The 50mm f/1.8 II is now a 25 year old lens.  It's upside is it's extremely low cost and in-focus areas are sharp.  Out of focus areas have poor quality blur due to the 5-blade aperture which does not create a very smooth blur quality.  It's sometimes described as a "nervous" or "jittery" quality.  Other negatives are that the focus motor is slow and noisy.  It doesn't have full-time manual focus.  It doesn't have a focus distance indicator scale.

Canon just replaced that lens with the new 50mm f/1.8 STM.  It uses a 7 blade aperture which substantially improves the quality of the out-of-focus blur.  It uses the STM focus motor which operates much faster and almost completely silent.  They did not increase the price (still $125).  It has the IDENTICAL optics to the previous 50mm f/1.8.

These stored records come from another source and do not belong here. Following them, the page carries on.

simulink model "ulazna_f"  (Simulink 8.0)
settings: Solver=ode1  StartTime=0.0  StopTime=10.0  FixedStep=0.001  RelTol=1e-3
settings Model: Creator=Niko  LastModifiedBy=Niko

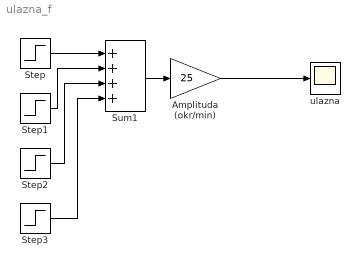
== system ulazna_f ==
  Amplituda (okr/min) : Gain  Gain=25
  Step : Step
  Step1 : Step  Time=2  After=-1
  Step2 : Step  Time=3  After=-1
  Step3 : Step  Time=4
  Sum1 : Sum  Inputs=++++
  ulazna : Scope
      settings: TimeRange=5  YMin=0  YMax=30  SaveName=ulazna_f  SampleInput=on
  wires:
  Sum1/1 -> Amplituda (okr/min)/1
  Step3/1 -> Sum1/4
  Step2/1 -> Sum1/3
  Step1/1 -> Sum1/2
  Step/1 -> Sum1/1
  Amplituda (okr/min)/1 -> ulazna/1

The 50mm f/1.4 USM has the faster USM focus motor, it does have a focus distance indicator, and it has an 8-blade aperture for even smoother blur quality.  It also has a better physical build quality.  It is the best of the three options (and of course it also has a lower focal ratio.)

If I were buying a 50mm lens today, I'd still go for the 50mm f/1.4 over the f/1.8 versions (even with the improved f/1.8 STM version).


----------



## TrolleySwag (Jul 22, 2015)

Now I got to decide between the 50 1.4 and the 85 1.8.


----------